Just As I Thought

About the 750 pound man

After the sad shock of the poor child in Indonesia, the next program on TLC was about a man in Maryland who weighed more than 700 pounds. They had to dismantle his house around him to get him out for help after 7 years in a bed. Seven years.
From the very start, I was unsympathetic about this guy.
This is one of those situations that has no victim, only a participant. I give you an example: his wife (who seemed particularly clueless as well as overweight) said, when the man’s legs finally could no longer support him and he fell to the floor, that he didn’t seem to be worried about it and so therefore, she wasn’t worried.
I am no svelte male model; but even I know a few basics of nutrition. You’d think that someone who was 600 pounds overweight would at least make some concessions. But, at the beginning of the show, his wife brought him a soda. When in the hospital, he complained about the vegetable soup and wanted a hamburger instead. He has a huge stash of fatty, salty, calorie-laden snacks hidden away in his hospital room, brought in by his wife. He says he knows how to manage it. I beg to differ.
There was seemingly no one around this guy — wife, family, or friends — who wasn’t significantly obese. Judging from his sister’s weight, I can imagine that there is some genetic component at work here. That makes it especially difficult to lose weight and keep it off, and I sympathize. I shouldn’t be so judgmental about this. But to me, there is a simple matter of common sense involved: when do you decide to do something about it, to seek help or change your life? 300 pounds? 400? 500? 600? Or do you wait until you approach 800 and are at the verge of death?
Is this guy still alive? This time, I won’t be shocked if the caption after the credits tells us that he died.
Here’s what’s scary: there is a special scale called a Hoyer Scale, which is designed for the morbidly obese. Are there enough morbidly obese people in this country that it makes economic sense to build these devices?

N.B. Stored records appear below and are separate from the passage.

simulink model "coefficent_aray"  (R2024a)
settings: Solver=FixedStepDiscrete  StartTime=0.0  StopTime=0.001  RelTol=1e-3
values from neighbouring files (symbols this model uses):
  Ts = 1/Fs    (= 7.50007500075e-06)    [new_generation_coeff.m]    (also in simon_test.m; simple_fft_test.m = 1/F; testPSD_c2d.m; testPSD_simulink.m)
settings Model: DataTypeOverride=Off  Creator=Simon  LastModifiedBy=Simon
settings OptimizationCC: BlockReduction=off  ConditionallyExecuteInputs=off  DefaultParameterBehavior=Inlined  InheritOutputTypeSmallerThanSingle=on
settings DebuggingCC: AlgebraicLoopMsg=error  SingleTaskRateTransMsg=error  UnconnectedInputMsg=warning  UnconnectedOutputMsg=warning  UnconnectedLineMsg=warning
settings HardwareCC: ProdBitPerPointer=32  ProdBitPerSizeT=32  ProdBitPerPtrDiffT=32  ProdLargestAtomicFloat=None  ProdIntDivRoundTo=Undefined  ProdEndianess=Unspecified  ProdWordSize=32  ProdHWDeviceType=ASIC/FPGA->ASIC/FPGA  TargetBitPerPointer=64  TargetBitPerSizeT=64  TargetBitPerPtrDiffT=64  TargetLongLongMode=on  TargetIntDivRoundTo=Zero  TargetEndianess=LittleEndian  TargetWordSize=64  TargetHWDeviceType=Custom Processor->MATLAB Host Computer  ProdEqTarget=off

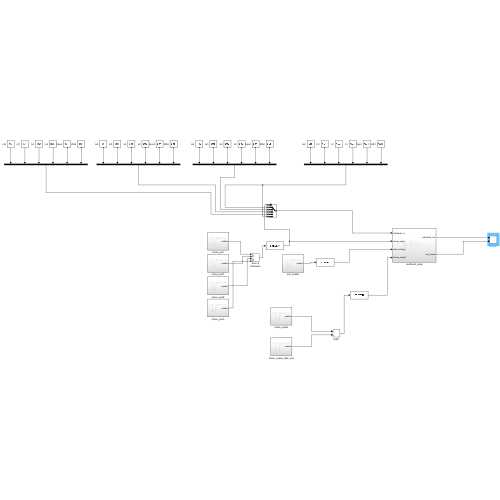
[thumbnail: Simulink's stored preview of the top-level diagram]
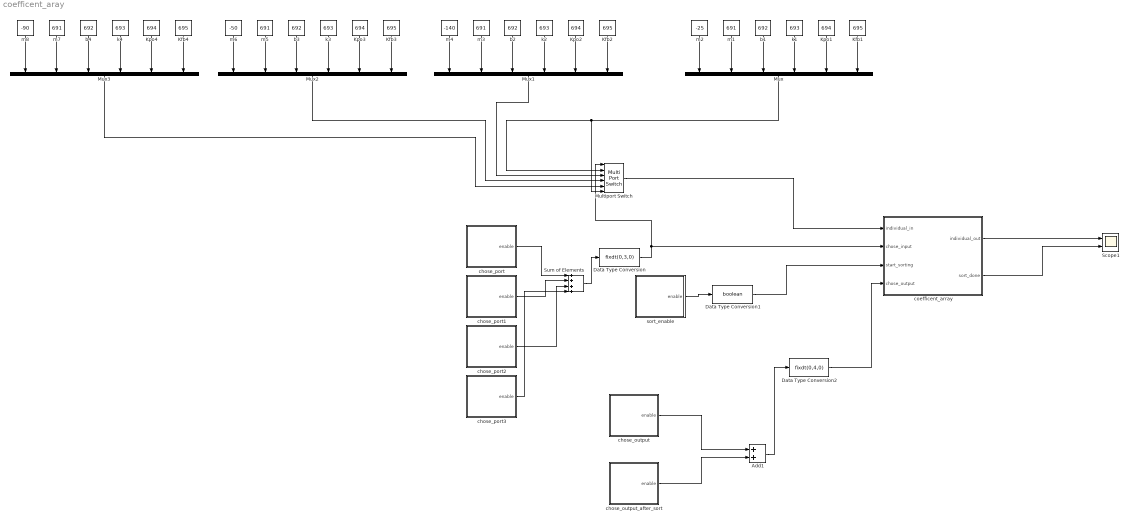
== system coefficent_aray ==
  Add1 : Sum
  Data Type Conversion : DataTypeConversion  OutDataTypeStr=fixdt(0,3,0)  SaturateOnIntegerOverflow=off  RndMeth=Floor
  Data Type Conversion1 : DataTypeConversion  OutDataTypeStr=boolean  SaturateOnIntegerOverflow=off  RndMeth=Floor
  Data Type Conversion2 : DataTypeConversion  OutDataTypeStr=fixdt(0,4,0)  SaturateOnIntegerOverflow=off  RndMeth=Floor
  Kfb{1..4} (4 alike) : Constant  Value=695  OutDataTypeStr=fixdt(1,64,32)  SampleTime=Ts
  Kpo{1..4} (4 alike) : Constant  Value=694  OutDataTypeStr=fixdt(1,64,32)  SampleTime=Ts
  Multiport Switch : MultiPortSwitch  Inputs=4  DataPortForDefault=Additional data port  DiagnosticForDefault=None  SaturateOnIntegerOverflow=off  InputSameDT=off
  Mux{,1..3} (4 alike) : Mux  Inputs=6
  Scope1 : Scope  NumInputPorts=2
  Sum of Elements : Sum  Inputs=++++
  b{1..4} (4 alike) : Constant  Value=692  OutDataTypeStr=fixdt(1,64,32)  SampleTime=Ts
  chose_output : Subsystem
  chose_output_after_sort : Subsystem
  chose_port : Subsystem
  chose_port1 : Subsystem
  chose_port2 : Subsystem
  chose_port3 : Subsystem
  coefficent_array : Subsystem
  k{1..4} (4 alike) : Constant  Value=693  OutDataTypeStr=fixdt(1,64,32)  SampleTime=Ts
  m{1,3,5,7} (4 alike) : Constant  Value=691  OutDataTypeStr=fixdt(1,64,32)  SampleTime=Ts
  m2 : Constant  Value=-25  OutDataTypeStr=fixdt(1,64,32)  SampleTime=Ts
  m4 : Constant  Value=-140  OutDataTypeStr=fixdt(1,64,32)  SampleTime=Ts
  m6 : Constant  Value=-50  OutDataTypeStr=fixdt(1,64,32)  SampleTime=Ts
  m8 : Constant  Value=-90  OutDataTypeStr=fixdt(1,64,32)  SampleTime=Ts
  sort_enable : Subsystem
  wires:
  Kpo1/1 -> Mux/5
  Kfb1/1 -> Mux/6
  k1/1 -> Mux/4
  m1/1 -> Mux/2
  b1/1 -> Mux/3
  m2/1 -> Mux/1
  chose_output/1(enable) -> Add1/1
  chose_output_after_sort/1(enable) -> Add1/2
  coefficent_array/1(individual_out) -> Scope1/1
  coefficent_array/2(sort_done) -> Scope1/2
  Kpo2/1 -> Mux1/5
  b2/1 -> Mux1/3
  k2/1 -> Mux1/4
  Kfb2/1 -> Mux1/6
  m4/1 -> Mux1/1
  m3/1 -> Mux1/2
  Kpo3/1 -> Mux2/5
  b3/1 -> Mux2/3
  k3/1 -> Mux2/4
  Kfb3/1 -> Mux2/6
  m6/1 -> Mux2/1
  m5/1 -> Mux2/2
  Kpo4/1 -> Mux3/5
  b4/1 -> Mux3/3
  k4/1 -> Mux3/4
  Kfb4/1 -> Mux3/6
  m8/1 -> Mux3/1
  m7/1 -> Mux3/2
  Multiport Switch/1 -> coefficent_array/1(individual_in)
  Mux/1 -> Multiport Switch/6, Multiport Switch/2
  Mux1/1 -> Multiport Switch/3
  Mux2/1 -> Multiport Switch/4
  Mux3/1 -> Multiport Switch/5
  chose_port/1(enable) -> Sum of Elements/1
  chose_port1/1(enable) -> Sum of Elements/2
  chose_port2/1(enable) -> Sum of Elements/3
  chose_port3/1(enable) -> Sum of Elements/4
  Add1/1 -> Data Type Conversion2/1
  sort_enable/1(enable) -> Data Type Conversion1/1
  Data Type Conversion/1 -> coefficent_array/2(chose_input), Multiport Switch/1
  Data Type Conversion1/1 -> coefficent_array/3(start_sorting)
  Data Type Conversion2/1 -> coefficent_array/4(chose_output)
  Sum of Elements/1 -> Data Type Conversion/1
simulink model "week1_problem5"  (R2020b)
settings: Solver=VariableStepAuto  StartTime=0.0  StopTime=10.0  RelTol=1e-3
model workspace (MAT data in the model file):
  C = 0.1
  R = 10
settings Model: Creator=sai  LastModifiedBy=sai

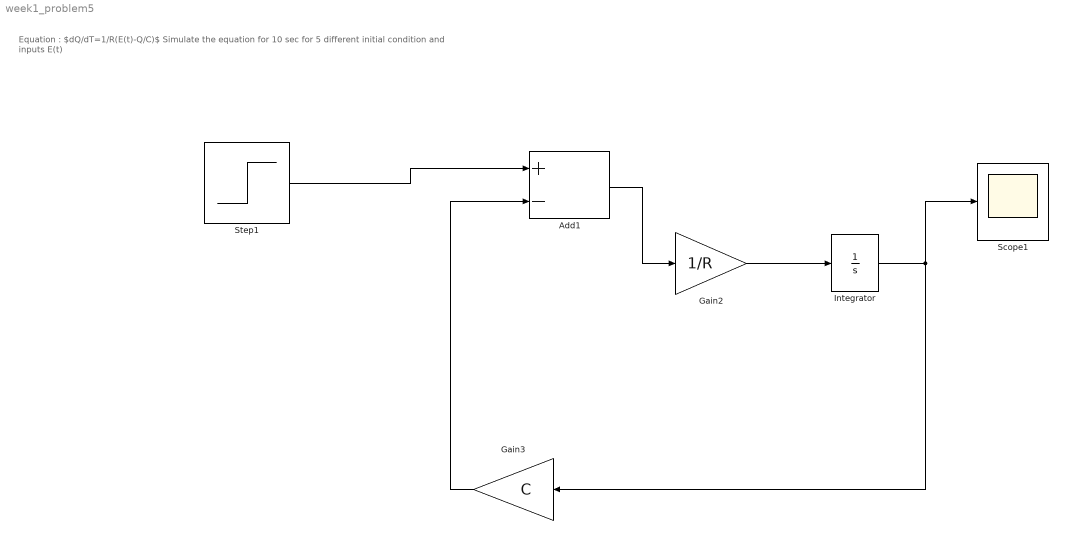
== system week1_problem5 ==
  note: Equation : $dQ/dT=1/R(E(t)-Q/C)$
      | Simulate the equation for 10 sec for 5 different initial condition and inputs E(t)
  Add1 : Sum  Inputs=+-
  Gain2 : Gain  Gain=1/R
  Gain3 : Gain  Gain=C
  Integrator : Integrator
  Scope1 : Scope
  Step1 : Step  Before=2  SampleTime=0
  wires:
  Step1/1 -> Add1/1
  Integrator/1 -> Scope1/1, Gain3/1
  Gain2/1 -> Integrator/1
  Gain3/1 -> Add1/2
  Add1/1 -> Gain2/1

The Washington Post takes a look at this story from the same viewpoint I have — how do you allow this to happen?

Life got away from John and Gina, one day at a time, one calorie at a time. As incredible as it seems, suddenly seven years had passed, they say, and with a shudder they realized that the abnormal had become routine.

And, yes, he died, also this last September. He was only 39.

2 comments

  • People lose sense of reality. It’s the same in reverse with anorexics and bulemics who develop a distorted image of themselves. Gaunt Karen Carpenter thought she was fat to the end. That’s what worries me when R. starts saying he’s fat…

    Though with the morbidly obese… ugh, how did they even perform basic daily functions. You know what I mean. yuck.